[RECORDS TO PROCESS Boundary: Start]

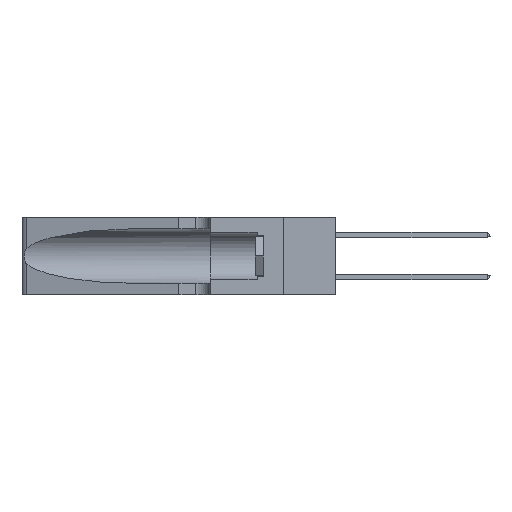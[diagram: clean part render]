
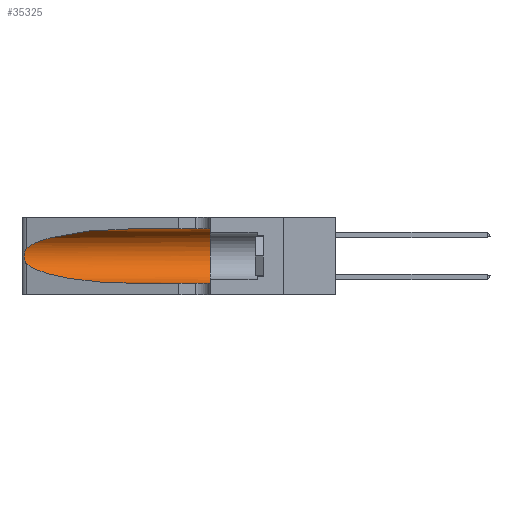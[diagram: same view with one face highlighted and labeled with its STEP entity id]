
A CAD part, left-side view. The second image highlights one B-rep face of the part: STEP entity #35325.
In plain terms, the highlighted cylindrical face has radius 3.308 mm (diameter 6.617 mm), a partial arc.
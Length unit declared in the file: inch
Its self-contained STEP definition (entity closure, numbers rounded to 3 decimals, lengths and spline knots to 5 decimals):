
#353 = CARTESIAN_POINT ( 'NONE',  ( 0.18966, 0.96281, 0.05475 ) ) ;
#2127 = CARTESIAN_POINT ( 'NONE',  ( 0.26018, 1.23835, 0.19895 ) ) ;
#2353 = CARTESIAN_POINT ( 'NONE',  ( 0.1305, 0.72297, 0.05475 ) ) ;
#4640 = VERTEX_POINT ( 'NONE', #24522 ) ;
#4934 = CARTESIAN_POINT ( 'NONE',  ( 0.18966, 0.96281, 0.31525 ) ) ;
#5179 = CARTESIAN_POINT ( 'NONE',  ( 0.1305, 0.35, 0.05475 ) ) ;
#5298 = CARTESIAN_POINT ( 'NONE',  ( 0.26075, 1.23896, 0.178 ) ) ;
#5615 = CARTESIAN_POINT ( 'NONE',  ( 0.1305, 0.35, 0.31525 ) ) ;
#6782 = DIRECTION ( 'NONE',  ( 0., -1., 0. ) ) ;
#8306 = CARTESIAN_POINT ( 'NONE',  ( 0.25487, 1.22718, 0.22369 ) ) ;
#8443 = CARTESIAN_POINT ( 'NONE',  ( 0.25856, 1.23593, 0.16098 ) ) ;
#8920 = CARTESIAN_POINT ( 'NONE',  ( 0.25487, 1.22718, 0.14631 ) ) ;
#10136 = FACE_OUTER_BOUND ( 'NONE', #16402, .T. ) ;
#10533 = VERTEX_POINT ( 'NONE', #5179 ) ;
#11256 = LINE ( 'NONE', #21350, #34613 ) ;
#11583 = CARTESIAN_POINT ( 'NONE',  ( 0.25639, 1.23186, 0.15144 ) ) ;
#12089 = ORIENTED_EDGE ( 'NONE', *, *, #25452, .F. ) ;
#12601 = EDGE_CURVE ( 'NONE', #4640, #19339, #28260, .T. ) ;
#12679 = DIRECTION ( 'NONE',  ( 0., 1., 0. ) ) ;
#12932 = CARTESIAN_POINT ( 'NONE',  ( 0.25487, 1.22718, 0.14631 ) ) ;
#13021 = DIRECTION ( 'NONE',  ( 0., 0., -1. ) ) ;
#13412 = CARTESIAN_POINT ( 'NONE',  ( 0.25487, 1.22718, 0.22369 ) ) ;
#13733 = ORIENTED_EDGE ( 'NONE', *, *, #22746, .T. ) ;
#14486 = CARTESIAN_POINT ( 'NONE',  ( 0.25487, 1.22718, 0.22369 ) ) ;
#14699 = CARTESIAN_POINT ( 'NONE',  ( 0.25487, 1.22718, 0.14631 ) ) ;
#15643 = EDGE_CURVE ( 'NONE', #34841, #30229, #16855, .T. ) ;
#16402 = EDGE_LOOP ( 'NONE', ( #32464, #35609, #26166, #13733, #12089, #20873 ) ) ;
#16855 =( BOUNDED_CURVE ( )  B_SPLINE_CURVE ( 3, ( #12932, #28166, #353, #34223 ),
 .UNSPECIFIED., .F., .T. ) 
 B_SPLINE_CURVE_WITH_KNOTS ( ( 4, 4 ),
 ( 3.44316, 4.71239 ),
 .UNSPECIFIED. ) 
 CURVE ( )  GEOMETRIC_REPRESENTATION_ITEM ( )  RATIONAL_B_SPLINE_CURVE ( ( 1., 0.87, 0.87, 1. ) ) 
 REPRESENTATION_ITEM ( '' )  );
#17401 = CYLINDRICAL_SURFACE ( 'NONE', #34035, 0.13025 ) ;
#17667 = CARTESIAN_POINT ( 'NONE',  ( 0.25639, 1.23184, 0.21858 ) ) ;
#19339 = VERTEX_POINT ( 'NONE', #13412 ) ;
#19655 = B_SPLINE_CURVE_WITH_KNOTS ( 'NONE', 3,
 ( #8306, #32768, #17667, #38820, #20727, #2127, #23799, #5298, #26859, #8443, #29890, #11583, #32899, #14699 ),
 .UNSPECIFIED., .F., .F.,
 ( 4, 2, 2, 2, 2, 2, 4 ),
 ( 0., 0.00027, 0.00053, 0.00107, 0.0016, 0.00187, 0.00214 ),
 .UNSPECIFIED. ) ;
#20727 = CARTESIAN_POINT ( 'NONE',  ( 0.25854, 1.2359, 0.20912 ) ) ;
#20873 = ORIENTED_EDGE ( 'NONE', *, *, #32916, .F. ) ;
#21153 = VECTOR ( 'NONE', #30342, 39.37008 ) ;
#21350 = CARTESIAN_POINT ( 'NONE',  ( 0.1305, 1.61858, 0.05475 ) ) ;
#22171 = CARTESIAN_POINT ( 'NONE',  ( 0.1305, 1.61858, 0.185 ) ) ;
#22746 = EDGE_CURVE ( 'NONE', #30229, #10533, #11256, .T. ) ;
#23799 = CARTESIAN_POINT ( 'NONE',  ( 0.26075, 1.23896, 0.19203 ) ) ;
#24522 = CARTESIAN_POINT ( 'NONE',  ( 0.1305, 0.72297, 0.31525 ) ) ;
#24593 = AXIS2_PLACEMENT_3D ( 'NONE', #30955, #12679, #33984 ) ;
#25452 = EDGE_CURVE ( 'NONE', #26044, #10533, #35317, .T. ) ;
#26044 = VERTEX_POINT ( 'NONE', #5615 ) ;
#26166 = ORIENTED_EDGE ( 'NONE', *, *, #15643, .T. ) ;
#26859 = CARTESIAN_POINT ( 'NONE',  ( 0.26017, 1.23833, 0.17102 ) ) ;
#28166 = CARTESIAN_POINT ( 'NONE',  ( 0.2373, 1.15595, 0.08982 ) ) ;
#28260 =( BOUNDED_CURVE ( )  B_SPLINE_CURVE ( 3, ( #35592, #4934, #32696, #14486 ),
 .UNSPECIFIED., .F., .F. ) 
 B_SPLINE_CURVE_WITH_KNOTS ( ( 4, 4 ),
 ( 1.5708, 2.84003 ),
 .UNSPECIFIED. ) 
 CURVE ( )  GEOMETRIC_REPRESENTATION_ITEM ( )  RATIONAL_B_SPLINE_CURVE ( ( 1., 0.87, 0.87, 1. ) ) 
 REPRESENTATION_ITEM ( '' )  );
#29528 = EDGE_CURVE ( 'NONE', #19339, #34841, #19655, .T. ) ;
#29890 = CARTESIAN_POINT ( 'NONE',  ( 0.25789, 1.23486, 0.15765 ) ) ;
#30173 = LINE ( 'NONE', #39281, #21153 ) ;
#30229 = VERTEX_POINT ( 'NONE', #2353 ) ;
#30342 = DIRECTION ( 'NONE',  ( 0., -1., 0. ) ) ;
#30491 = DIRECTION ( 'NONE',  ( 0., -1., 0. ) ) ;
#30955 = CARTESIAN_POINT ( 'NONE',  ( 0.1305, 0.35, 0.185 ) ) ;
#32464 = ORIENTED_EDGE ( 'NONE', *, *, #12601, .T. ) ;
#32696 = CARTESIAN_POINT ( 'NONE',  ( 0.2373, 1.15595, 0.28018 ) ) ;
#32768 = CARTESIAN_POINT ( 'NONE',  ( 0.25555, 1.22994, 0.2215 ) ) ;
#32899 = CARTESIAN_POINT ( 'NONE',  ( 0.25555, 1.22993, 0.14849 ) ) ;
#32916 = EDGE_CURVE ( 'NONE', #4640, #26044, #30173, .T. ) ;
#33984 = DIRECTION ( 'NONE',  ( 0., 0., 1. ) ) ;
#34035 = AXIS2_PLACEMENT_3D ( 'NONE', #22171, #6782, #13021 ) ;
#34223 = CARTESIAN_POINT ( 'NONE',  ( 0.1305, 0.72297, 0.05475 ) ) ;
#34613 = VECTOR ( 'NONE', #30491, 39.37008 ) ;
#34841 = VERTEX_POINT ( 'NONE', #8920 ) ;
#35317 = CIRCLE ( 'NONE', #24593, 0.13025 ) ;
#35325 = ADVANCED_FACE ( 'NONE', ( #10136 ), #17401, .F. ) ;
#35592 = CARTESIAN_POINT ( 'NONE',  ( 0.1305, 0.72297, 0.31525 ) ) ;
#35609 = ORIENTED_EDGE ( 'NONE', *, *, #29528, .T. ) ;
#38820 = CARTESIAN_POINT ( 'NONE',  ( 0.25787, 1.23484, 0.2124 ) ) ;
#39281 = CARTESIAN_POINT ( 'NONE',  ( 0.1305, 1.61858, 0.31525 ) ) ;

[RECORDS TO PROCESS Boundary: End]

▶ [REQUIRED ACTION]:
Copy each line exactly, from the line containing "#28166 = CARTESIAN_POINT" down to the last line of the material, and no other lines.

▶ [ANSWER TO THIS EXERCISE]:
#28166 = CARTESIAN_POINT ( 'NONE',  ( 0.2373, 1.15595, 0.08982 ) ) ;
#28260 =( BOUNDED_CURVE ( )  B_SPLINE_CURVE ( 3, ( #35592, #4934, #32696, #14486 ),
 .UNSPECIFIED., .F., .F. ) 
 B_SPLINE_CURVE_WITH_KNOTS ( ( 4, 4 ),
 ( 1.5708, 2.84003 ),
 .UNSPECIFIED. ) 
 CURVE ( )  GEOMETRIC_REPRESENTATION_ITEM ( )  RATIONAL_B_SPLINE_CURVE ( ( 1., 0.87, 0.87, 1. ) ) 
 REPRESENTATION_ITEM ( '' )  );
#29528 = EDGE_CURVE ( 'NONE', #19339, #34841, #19655, .T. ) ;
#29890 = CARTESIAN_POINT ( 'NONE',  ( 0.25789, 1.23486, 0.15765 ) ) ;
#30173 = LINE ( 'NONE', #39281, #21153 ) ;
#30229 = VERTEX_POINT ( 'NONE', #2353 ) ;
#30342 = DIRECTION ( 'NONE',  ( 0., -1., 0. ) ) ;
#30491 = DIRECTION ( 'NONE',  ( 0., -1., 0. ) ) ;
#30955 = CARTESIAN_POINT ( 'NONE',  ( 0.1305, 0.35, 0.185 ) ) ;
#32464 = ORIENTED_EDGE ( 'NONE', *, *, #12601, .T. ) ;
#32696 = CARTESIAN_POINT ( 'NONE',  ( 0.2373, 1.15595, 0.28018 ) ) ;
#32768 = CARTESIAN_POINT ( 'NONE',  ( 0.25555, 1.22994, 0.2215 ) ) ;
#32899 = CARTESIAN_POINT ( 'NONE',  ( 0.25555, 1.22993, 0.14849 ) ) ;
#32916 = EDGE_CURVE ( 'NONE', #4640, #26044, #30173, .T. ) ;
#33984 = DIRECTION ( 'NONE',  ( 0., 0., 1. ) ) ;
#34035 = AXIS2_PLACEMENT_3D ( 'NONE', #22171, #6782, #13021 ) ;
#34223 = CARTESIAN_POINT ( 'NONE',  ( 0.1305, 0.72297, 0.05475 ) ) ;
#34613 = VECTOR ( 'NONE', #30491, 39.37008 ) ;
#34841 = VERTEX_POINT ( 'NONE', #8920 ) ;
#35317 = CIRCLE ( 'NONE', #24593, 0.13025 ) ;
#35325 = ADVANCED_FACE ( 'NONE', ( #10136 ), #17401, .F. ) ;
#35592 = CARTESIAN_POINT ( 'NONE',  ( 0.1305, 0.72297, 0.31525 ) ) ;
#35609 = ORIENTED_EDGE ( 'NONE', *, *, #29528, .T. ) ;
#38820 = CARTESIAN_POINT ( 'NONE',  ( 0.25787, 1.23484, 0.2124 ) ) ;
#39281 = CARTESIAN_POINT ( 'NONE',  ( 0.1305, 1.61858, 0.31525 ) ) ;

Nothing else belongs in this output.